I took a moment to read and annotate a recent introduction for a special issue on Disaster Media by Lisa Parks and Janet Walker. The article gives helpful framings to understand media in/of COVID-19, but also environmental crisis (including air pollution in Southern California and Hurricane Katrina). They also point to examples for readings data visualizations as disaster media and cultural products, focusing particularly on COVID-19 graphs and satellite imagery (relevant to understanding our own role of remotely "tracking" or "mapping" COVID-19 cultural shifts). Given my own earlier training in media and communications studies, the article helped me see how a field of "disaster media" is just being articulated. In another article where Parks is "mapping" the discipline more broadly, she observes that former media studies students might now gravitate toward critical data studies. True in my case.

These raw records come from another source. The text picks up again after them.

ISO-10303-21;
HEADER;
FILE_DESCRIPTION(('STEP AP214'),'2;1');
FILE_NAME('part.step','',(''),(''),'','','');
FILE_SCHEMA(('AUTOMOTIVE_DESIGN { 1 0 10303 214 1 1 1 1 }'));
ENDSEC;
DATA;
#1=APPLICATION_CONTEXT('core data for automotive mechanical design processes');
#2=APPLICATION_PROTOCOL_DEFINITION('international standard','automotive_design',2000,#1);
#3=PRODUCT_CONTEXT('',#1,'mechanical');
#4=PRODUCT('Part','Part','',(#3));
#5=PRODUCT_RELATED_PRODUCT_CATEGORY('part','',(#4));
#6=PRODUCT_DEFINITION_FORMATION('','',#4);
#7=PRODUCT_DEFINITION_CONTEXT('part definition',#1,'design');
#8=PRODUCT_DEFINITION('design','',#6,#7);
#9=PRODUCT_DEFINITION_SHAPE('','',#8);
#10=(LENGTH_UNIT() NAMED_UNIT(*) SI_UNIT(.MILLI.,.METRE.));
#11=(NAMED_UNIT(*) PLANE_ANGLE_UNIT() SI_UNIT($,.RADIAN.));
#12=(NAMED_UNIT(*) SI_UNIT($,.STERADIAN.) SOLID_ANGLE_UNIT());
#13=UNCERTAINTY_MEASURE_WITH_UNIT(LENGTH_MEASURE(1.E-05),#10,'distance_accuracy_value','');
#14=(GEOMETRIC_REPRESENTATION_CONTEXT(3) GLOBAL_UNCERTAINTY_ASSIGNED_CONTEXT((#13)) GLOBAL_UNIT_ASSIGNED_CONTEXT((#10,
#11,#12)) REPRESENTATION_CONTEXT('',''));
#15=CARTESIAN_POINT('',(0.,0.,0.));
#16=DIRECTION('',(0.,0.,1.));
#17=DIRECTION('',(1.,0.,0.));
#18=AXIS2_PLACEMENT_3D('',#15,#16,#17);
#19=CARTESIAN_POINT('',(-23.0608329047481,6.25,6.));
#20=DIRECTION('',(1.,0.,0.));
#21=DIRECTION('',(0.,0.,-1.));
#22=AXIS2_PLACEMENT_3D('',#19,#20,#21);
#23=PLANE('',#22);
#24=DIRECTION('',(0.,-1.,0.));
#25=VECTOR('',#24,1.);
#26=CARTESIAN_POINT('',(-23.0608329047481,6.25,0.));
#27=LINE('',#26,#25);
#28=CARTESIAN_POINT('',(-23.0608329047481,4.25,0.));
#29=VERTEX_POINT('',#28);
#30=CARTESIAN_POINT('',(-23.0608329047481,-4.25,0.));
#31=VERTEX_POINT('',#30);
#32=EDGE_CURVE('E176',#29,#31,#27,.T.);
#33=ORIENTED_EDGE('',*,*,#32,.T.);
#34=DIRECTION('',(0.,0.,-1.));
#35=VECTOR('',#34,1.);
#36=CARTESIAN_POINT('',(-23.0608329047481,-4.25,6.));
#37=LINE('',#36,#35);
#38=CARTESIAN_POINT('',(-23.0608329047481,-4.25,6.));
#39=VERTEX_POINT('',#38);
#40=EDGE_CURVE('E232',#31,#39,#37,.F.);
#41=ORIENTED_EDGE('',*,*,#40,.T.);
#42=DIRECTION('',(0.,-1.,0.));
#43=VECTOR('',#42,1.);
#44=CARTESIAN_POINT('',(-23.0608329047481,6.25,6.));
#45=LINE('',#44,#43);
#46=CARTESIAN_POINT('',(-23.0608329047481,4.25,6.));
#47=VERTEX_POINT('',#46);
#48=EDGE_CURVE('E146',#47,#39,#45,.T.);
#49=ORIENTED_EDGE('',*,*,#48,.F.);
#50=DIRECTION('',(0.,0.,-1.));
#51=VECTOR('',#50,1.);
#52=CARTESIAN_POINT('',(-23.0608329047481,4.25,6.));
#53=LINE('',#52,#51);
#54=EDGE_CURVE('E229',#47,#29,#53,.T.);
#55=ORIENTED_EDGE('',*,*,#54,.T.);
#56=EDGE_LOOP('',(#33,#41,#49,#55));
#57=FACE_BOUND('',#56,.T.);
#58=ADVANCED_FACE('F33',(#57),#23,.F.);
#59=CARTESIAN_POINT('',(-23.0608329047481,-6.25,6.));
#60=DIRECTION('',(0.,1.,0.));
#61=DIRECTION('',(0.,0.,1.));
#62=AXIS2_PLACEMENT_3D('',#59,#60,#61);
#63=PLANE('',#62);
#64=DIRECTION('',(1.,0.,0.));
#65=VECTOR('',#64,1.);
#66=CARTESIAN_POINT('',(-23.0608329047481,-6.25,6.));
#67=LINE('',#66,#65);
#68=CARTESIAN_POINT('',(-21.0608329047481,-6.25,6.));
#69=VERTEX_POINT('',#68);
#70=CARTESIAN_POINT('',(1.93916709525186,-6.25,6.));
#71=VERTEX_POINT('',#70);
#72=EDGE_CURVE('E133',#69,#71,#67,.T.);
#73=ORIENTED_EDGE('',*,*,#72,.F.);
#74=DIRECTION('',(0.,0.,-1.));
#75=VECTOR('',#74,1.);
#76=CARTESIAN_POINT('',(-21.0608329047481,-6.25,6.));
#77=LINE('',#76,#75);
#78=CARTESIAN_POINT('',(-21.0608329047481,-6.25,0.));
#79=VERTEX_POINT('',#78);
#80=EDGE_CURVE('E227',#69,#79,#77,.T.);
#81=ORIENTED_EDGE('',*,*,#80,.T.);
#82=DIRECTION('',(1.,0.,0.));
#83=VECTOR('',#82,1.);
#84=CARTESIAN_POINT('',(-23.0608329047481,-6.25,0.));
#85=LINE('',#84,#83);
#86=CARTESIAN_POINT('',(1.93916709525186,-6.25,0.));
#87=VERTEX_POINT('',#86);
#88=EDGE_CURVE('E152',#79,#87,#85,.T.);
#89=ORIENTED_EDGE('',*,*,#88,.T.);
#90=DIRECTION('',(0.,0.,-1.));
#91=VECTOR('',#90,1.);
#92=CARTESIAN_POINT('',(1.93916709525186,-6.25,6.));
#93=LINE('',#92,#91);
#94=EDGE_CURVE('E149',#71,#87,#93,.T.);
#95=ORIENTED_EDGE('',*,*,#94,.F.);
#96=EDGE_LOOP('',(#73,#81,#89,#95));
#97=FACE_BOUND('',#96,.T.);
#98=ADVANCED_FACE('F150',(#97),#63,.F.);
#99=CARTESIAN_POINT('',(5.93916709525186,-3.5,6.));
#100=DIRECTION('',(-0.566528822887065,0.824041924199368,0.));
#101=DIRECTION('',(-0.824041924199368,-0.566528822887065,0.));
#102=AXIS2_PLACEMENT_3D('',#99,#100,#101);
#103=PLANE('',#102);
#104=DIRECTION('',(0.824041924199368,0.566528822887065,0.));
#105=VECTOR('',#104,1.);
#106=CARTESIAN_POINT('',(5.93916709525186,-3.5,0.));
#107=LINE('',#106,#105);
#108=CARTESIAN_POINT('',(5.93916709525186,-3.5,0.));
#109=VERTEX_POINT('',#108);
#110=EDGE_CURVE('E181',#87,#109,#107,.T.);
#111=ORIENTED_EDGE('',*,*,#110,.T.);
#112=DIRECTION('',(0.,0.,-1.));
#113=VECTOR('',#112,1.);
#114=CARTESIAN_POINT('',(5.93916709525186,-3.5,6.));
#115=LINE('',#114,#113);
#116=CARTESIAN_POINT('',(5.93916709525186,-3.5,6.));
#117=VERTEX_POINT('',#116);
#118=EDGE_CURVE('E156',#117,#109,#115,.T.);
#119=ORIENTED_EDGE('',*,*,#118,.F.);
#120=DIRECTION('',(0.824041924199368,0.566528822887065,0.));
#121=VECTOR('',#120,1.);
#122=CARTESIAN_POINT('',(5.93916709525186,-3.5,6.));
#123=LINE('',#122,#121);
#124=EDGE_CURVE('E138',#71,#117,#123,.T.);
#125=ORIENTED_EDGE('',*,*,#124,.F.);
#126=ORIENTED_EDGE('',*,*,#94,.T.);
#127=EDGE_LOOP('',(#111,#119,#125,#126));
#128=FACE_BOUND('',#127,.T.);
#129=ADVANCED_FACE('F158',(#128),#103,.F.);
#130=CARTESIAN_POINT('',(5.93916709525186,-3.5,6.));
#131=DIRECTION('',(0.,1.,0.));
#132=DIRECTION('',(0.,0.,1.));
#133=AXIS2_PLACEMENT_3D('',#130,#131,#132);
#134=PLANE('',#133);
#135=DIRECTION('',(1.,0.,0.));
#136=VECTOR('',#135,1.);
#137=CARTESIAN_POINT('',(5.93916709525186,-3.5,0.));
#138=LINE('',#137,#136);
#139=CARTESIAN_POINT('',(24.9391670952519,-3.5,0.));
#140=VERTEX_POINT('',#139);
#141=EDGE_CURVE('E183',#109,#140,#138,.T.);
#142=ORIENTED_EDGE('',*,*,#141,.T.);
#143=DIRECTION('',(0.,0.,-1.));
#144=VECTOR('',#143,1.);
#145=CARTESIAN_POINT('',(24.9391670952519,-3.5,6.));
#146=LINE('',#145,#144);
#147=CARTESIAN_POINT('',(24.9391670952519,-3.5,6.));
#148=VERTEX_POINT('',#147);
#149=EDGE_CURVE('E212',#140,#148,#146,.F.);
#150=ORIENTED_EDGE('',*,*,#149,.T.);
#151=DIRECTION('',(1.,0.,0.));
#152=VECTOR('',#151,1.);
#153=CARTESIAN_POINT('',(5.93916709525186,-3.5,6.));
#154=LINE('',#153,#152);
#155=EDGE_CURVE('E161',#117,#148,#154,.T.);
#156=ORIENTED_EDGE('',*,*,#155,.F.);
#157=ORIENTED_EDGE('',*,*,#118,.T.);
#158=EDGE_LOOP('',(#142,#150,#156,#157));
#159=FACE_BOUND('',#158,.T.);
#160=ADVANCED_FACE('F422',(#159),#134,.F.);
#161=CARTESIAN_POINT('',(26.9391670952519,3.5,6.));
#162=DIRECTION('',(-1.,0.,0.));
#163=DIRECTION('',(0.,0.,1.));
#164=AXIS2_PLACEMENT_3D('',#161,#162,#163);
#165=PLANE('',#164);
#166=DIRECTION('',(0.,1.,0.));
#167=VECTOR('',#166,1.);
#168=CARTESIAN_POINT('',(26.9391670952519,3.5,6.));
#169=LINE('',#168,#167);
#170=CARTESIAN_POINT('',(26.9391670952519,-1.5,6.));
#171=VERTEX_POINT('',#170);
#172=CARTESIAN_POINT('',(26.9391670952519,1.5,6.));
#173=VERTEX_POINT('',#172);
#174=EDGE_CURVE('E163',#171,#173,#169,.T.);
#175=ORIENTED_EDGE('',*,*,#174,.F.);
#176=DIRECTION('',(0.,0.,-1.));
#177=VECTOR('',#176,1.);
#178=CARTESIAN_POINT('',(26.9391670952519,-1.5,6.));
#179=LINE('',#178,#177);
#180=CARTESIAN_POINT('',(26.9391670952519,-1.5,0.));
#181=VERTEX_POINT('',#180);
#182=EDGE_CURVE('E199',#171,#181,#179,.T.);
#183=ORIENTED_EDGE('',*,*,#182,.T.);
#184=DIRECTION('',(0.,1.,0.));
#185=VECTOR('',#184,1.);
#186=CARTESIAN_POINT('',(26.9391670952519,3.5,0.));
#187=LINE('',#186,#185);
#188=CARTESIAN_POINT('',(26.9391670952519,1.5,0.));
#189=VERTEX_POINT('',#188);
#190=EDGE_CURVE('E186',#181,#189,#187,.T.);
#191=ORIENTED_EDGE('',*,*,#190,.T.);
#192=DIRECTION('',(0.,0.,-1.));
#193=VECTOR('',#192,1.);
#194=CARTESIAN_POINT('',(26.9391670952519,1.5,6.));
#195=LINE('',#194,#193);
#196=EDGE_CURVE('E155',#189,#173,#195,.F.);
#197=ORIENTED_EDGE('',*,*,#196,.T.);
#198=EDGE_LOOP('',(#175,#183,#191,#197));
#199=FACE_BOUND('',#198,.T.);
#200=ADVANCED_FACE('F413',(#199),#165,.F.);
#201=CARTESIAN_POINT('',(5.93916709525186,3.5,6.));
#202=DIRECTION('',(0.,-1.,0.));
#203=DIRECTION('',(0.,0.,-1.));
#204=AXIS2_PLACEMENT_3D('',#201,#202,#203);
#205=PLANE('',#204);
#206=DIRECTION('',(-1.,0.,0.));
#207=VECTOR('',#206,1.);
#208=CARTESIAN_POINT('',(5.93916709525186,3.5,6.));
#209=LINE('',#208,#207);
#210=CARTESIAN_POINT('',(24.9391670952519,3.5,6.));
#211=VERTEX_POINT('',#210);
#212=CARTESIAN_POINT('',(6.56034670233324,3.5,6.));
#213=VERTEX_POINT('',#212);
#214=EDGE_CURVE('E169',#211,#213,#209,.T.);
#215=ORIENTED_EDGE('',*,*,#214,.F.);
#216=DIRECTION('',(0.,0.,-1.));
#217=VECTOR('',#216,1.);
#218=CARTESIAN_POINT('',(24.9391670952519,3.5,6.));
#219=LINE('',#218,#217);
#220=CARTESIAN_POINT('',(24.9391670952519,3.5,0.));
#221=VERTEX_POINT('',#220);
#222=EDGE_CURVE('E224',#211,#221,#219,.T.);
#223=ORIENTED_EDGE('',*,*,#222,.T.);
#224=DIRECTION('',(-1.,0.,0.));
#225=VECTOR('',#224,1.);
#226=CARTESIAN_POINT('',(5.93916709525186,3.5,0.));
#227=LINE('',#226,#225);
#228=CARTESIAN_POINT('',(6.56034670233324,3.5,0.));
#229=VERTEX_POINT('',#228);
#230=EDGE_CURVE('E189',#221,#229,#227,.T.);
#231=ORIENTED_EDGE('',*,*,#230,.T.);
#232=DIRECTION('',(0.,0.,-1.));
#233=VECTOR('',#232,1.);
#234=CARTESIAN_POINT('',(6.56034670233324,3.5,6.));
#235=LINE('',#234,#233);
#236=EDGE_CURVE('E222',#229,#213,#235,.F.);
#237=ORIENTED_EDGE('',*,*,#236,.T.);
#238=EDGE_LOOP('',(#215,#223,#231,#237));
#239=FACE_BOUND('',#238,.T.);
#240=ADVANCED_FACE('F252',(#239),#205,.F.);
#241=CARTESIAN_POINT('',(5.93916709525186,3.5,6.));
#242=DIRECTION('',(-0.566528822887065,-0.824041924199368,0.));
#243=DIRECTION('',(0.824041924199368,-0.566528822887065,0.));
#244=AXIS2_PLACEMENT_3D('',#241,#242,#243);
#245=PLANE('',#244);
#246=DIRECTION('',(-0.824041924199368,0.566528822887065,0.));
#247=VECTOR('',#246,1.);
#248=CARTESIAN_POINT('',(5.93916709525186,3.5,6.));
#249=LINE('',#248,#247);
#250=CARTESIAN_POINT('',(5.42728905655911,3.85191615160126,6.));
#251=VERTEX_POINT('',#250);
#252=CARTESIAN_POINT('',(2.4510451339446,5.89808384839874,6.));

The authors are efficient at connecting COVID-19 to issues of environmental justice and temporality (relevant for my teaching, and maybe interesting for your work, James!). For example, they call for heightened production of public, open-access media of diverse forms (to address disinformation and boost media literacy), while acknowledging the conundrum that we need more energy-efficient media ("no" or "low carbon media", also see Finn and Rosner's syllabus about information in troubled worlds). In regards to time, Parks and Walker argue that "disaster media need to be considered in relation to the multiple temporalities of climate disruption (from the longue durée of glacial flow to uncertain and sudden extreme weather)." I'm less convinced by the heavy reliance on Naomi Klein's notion of "coronavirus capitalism" and while the authors acknowledge that "low-carbon media" have always existed in more resource-strapped contexts, I would like to learn more about concrete examples.
In sum, the article helped me draw conceptual connections between what currently are separate essays -- COVID-19 and communications. The reflections on COVID visualizations in the article point to a lot of potential for deeper analysis. Also, it made me think about what kind of media are we producing as a research group. Personally, I'm still thinking about the different angles I bring from my own training (media studies, STS and now critical data studies) -- and which of them I would like to focus on. Certainly the article helped me think expansively from all three fields, and I think the COVID-19 project is set up nicely to support that -- and yes, all collaborators welcome.